The electorate were fickle, unpredictable. They were changing, and not a psephologist in the country dared to predict whether they would go on changing or slip back again into that nice comfortable “mould”.
Psephology poses as science. It promotes professors, creates entire departments of politics in the universities. But it is not a political science at all. It is merely a record of what people think. It is almost useless as a record of why people think, and absolutely useless as a guide as to how people change their minds.
These matters are embedded in the political structure of a society, which is, for all the double talk on the left in recent years, still essentially and vitally a class society. How people think and vote depends upon their confidence and their aspirations. These will shift, often with startling speed, according to the ebb and flow of the struggle between the classes.
When one side wins, the other side loses. When one side is winning, their class confidence rises – while the confidence of their enemy falls. Victories and success for either side breed confidence – and the urge to continue the victories and success.
Those who say that unemployment and degradation are necessary conditions for socialism don’t understand the motor of social change. Empty stomachs and cold, bare homes lead far more often to despair and reaction than to insurrection and hope.
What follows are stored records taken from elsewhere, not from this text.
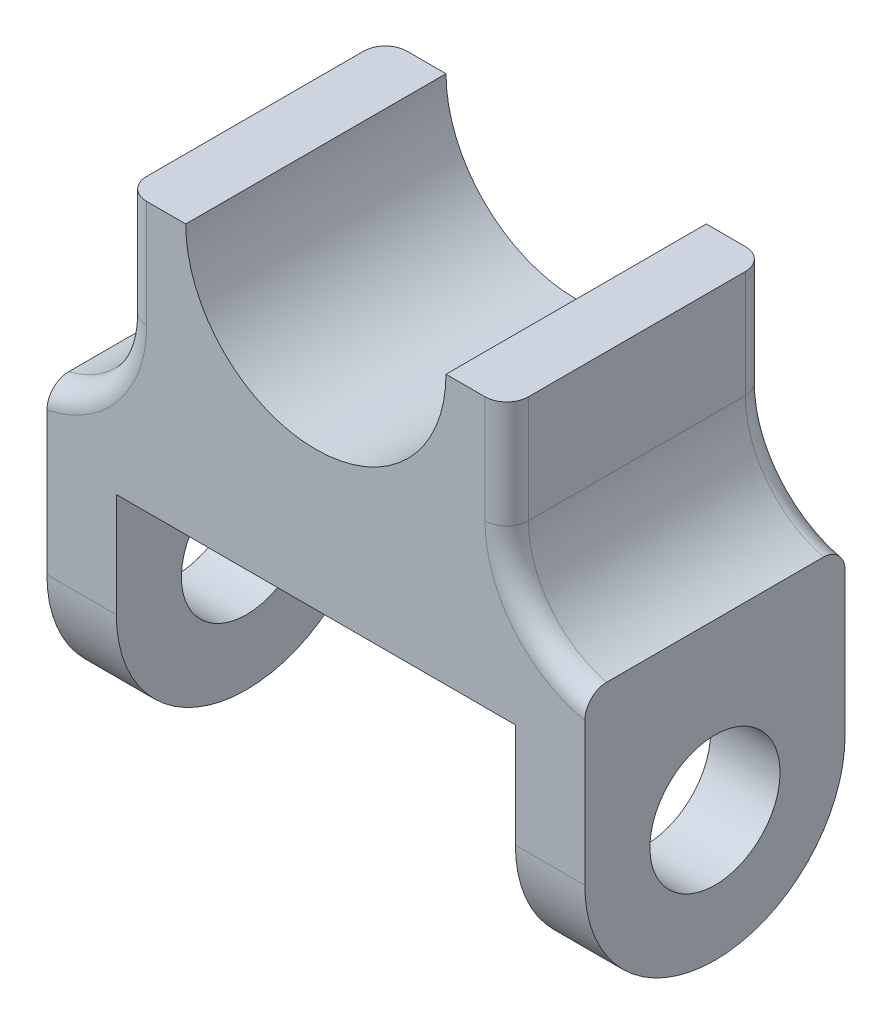
SolidWorks part; units mm, degrees
ref_plane "Front Plane" through (0, 0, 0) normal (0, 0, 1) x (1, 0, 0)
ref_plane "Top Plane" through (0, 0, 0) normal (0, 1, 0) x (1, 0, 0)
ref_plane "Right Plane" through (0, 0, 0) normal (1, 0, 0) x (0, 0, -1)
sketch "Sketch1" plane through (0, 0, 0) normal (0, 0, 1) x (1, 0, 0)
  line L0 (108, 0) -> (124, 0)
  line L1 (18, 116) -> (32, 116)
  line L2 (0, 68) -> (0, 0)
  line L3 (0, 0) -> (16, 0)
  line L4 (124, 68) -> (124, 0)
  line L5 (16, 54) -> (108, 54)
  line L6 (16, 54) -> (16, 0)
  line L8 (108, 54) -> (108, 0)
  line L9 (-27.4304, 30) -> (78.9349, 30) construction
  line L10 (-33.7989, 68) -> (158.1502, 68) construction
  line L11 (92, 116) -> (106, 116)
  line L12 (18, 153.7968) -> (18, 129.0689) construction
  line L13 (106, 153.7968) -> (106, 129.0689) construction
  line L14 (-63.0393, 116) -> (0, 116) construction
  line L16 (106, 91.2379) -> (106, 116)
  line L17 (18, 116) -> (106, 116) construction
  line L18 (18, 91.2379) -> (18, 116)
  arc A0 (32, 116) -> (92, 116) centre (62, 116) ccw
  arc A1 (18, 91.2379) -> (0, 68) centre (-6, 91.2379) cw
  arc A2 (124, 68) -> (106, 91.2379) centre (130, 91.2379) cw
  dimension "D5" = 30
  dimension "D12" = 24
  dimension "D13" = 24
  dimension "D1" = 124
  dimension "D2" = 86
  dimension "D3" = 16
  dimension "D4" = 16
  dimension "D6" = 54
  dimension "D7" = 46
  dimension "D8" = 30
  dimension "D9" = 38
  dimension "D10" = 14
  dimension "D11" = 14
extrude "Boss-Extrude1" add sketch "Sketch1" along normal blind 30 and the other way blind 30 contours A0 L11 L16 A2 L4 L0 L8 L5 L6 L3 L2 A1 L18 L1
fillet "Fillet1" radius 5 8 edges at (12.9737, 76.541, 30) (18, 103.619, 30) (12.9737, 76.541, -30) (18, 103.619, -30) (111.0263, 76.541, -30) (106, 103.619, -30) (106, 103.619, 30) (111.0263, 76.541, 30)
sketch "Sketch2" plane through (124, 0, 0) normal (1, 0, 0) x (0, 0, -1)
  line L0 (-44.038, 30) -> (59.5992, 30) construction
  line L1 (30, 0) -> (-30, 0) construction
  line L2 (0, 113.0451) -> (0, 14.7765) construction
  line L3 (-30, 62.8654) -> (-30, 0) construction
  circle A0 centre (0, 30) radius 15
  point P10 (0, 0)
  point P11 (0, 0)
  dimension "D3" = 30
  dimension "D1" = 30
  dimension "D2" = 30
extrude "Cut-Extrude1" cut sketch "Sketch2" against normal blind 124 contours A0
fillet "Fillet2" radius 30 4 edges at (116, 0, -30) (116, 0, 30) (8, 0, -30) (8, 0, 30)

In general, then, the years of mass unemployment – the early 1930s for instance, or the early 1980s – are not Labour’s years. They are Tory years. When people lose confidence in themselves, they seek it elsewhere – in things which are theirs by accident like the colour of their skin. When people are fully employed, precisely when they have those washing machines, when they believe that their children will have a better life, then working class confidence increases, blossoms into cooperation, and reaches out for new ways to organise society.
Growing working class confidence has another effect. It pulls with it those who believe they are middle class: people who work for high wages and who dabble at the edge of the capitalist pool. These are the weather vanes of class society. When the workers are winning, the middle class flock to their standard. In the early 1970s London was full of middle class people leaping out of their Volvos demanding to know the way to the revolution. When the bosses are winning, those same people almost overnight become the most virulent opponents of all those who might take away from them the golden crumbs which fall to them from the booming Stock Exchange.
Elections in Britain, and anywhere else in the industrialised world, are won or lost by this middle class. One significant development in elections over the last thirty years has been the decline in the automatic allegiance to both the Tory and the Labour Party. As more and more people see themselves as middle class, so the fickleness of the electorate increases. This does not mean, as our psephologist would have it, that the struggle between the classes is less relevant to elections, and to politics generally.
On the contrary, if anything the state of the struggle is more relevant, since there are more floaters to be won for this side or for that. Mrs Thatcher, as a determined and class conscious fighter, knows that quite well. She knows that what wins elections for her are class victories in the field. She knew after 1983 that the way to sustain her unpopular government in office was to win on the most important battlefield of all. Once victorious, whether at Orgreave or at Wapping, she knew the majority of the waverers would stay with her.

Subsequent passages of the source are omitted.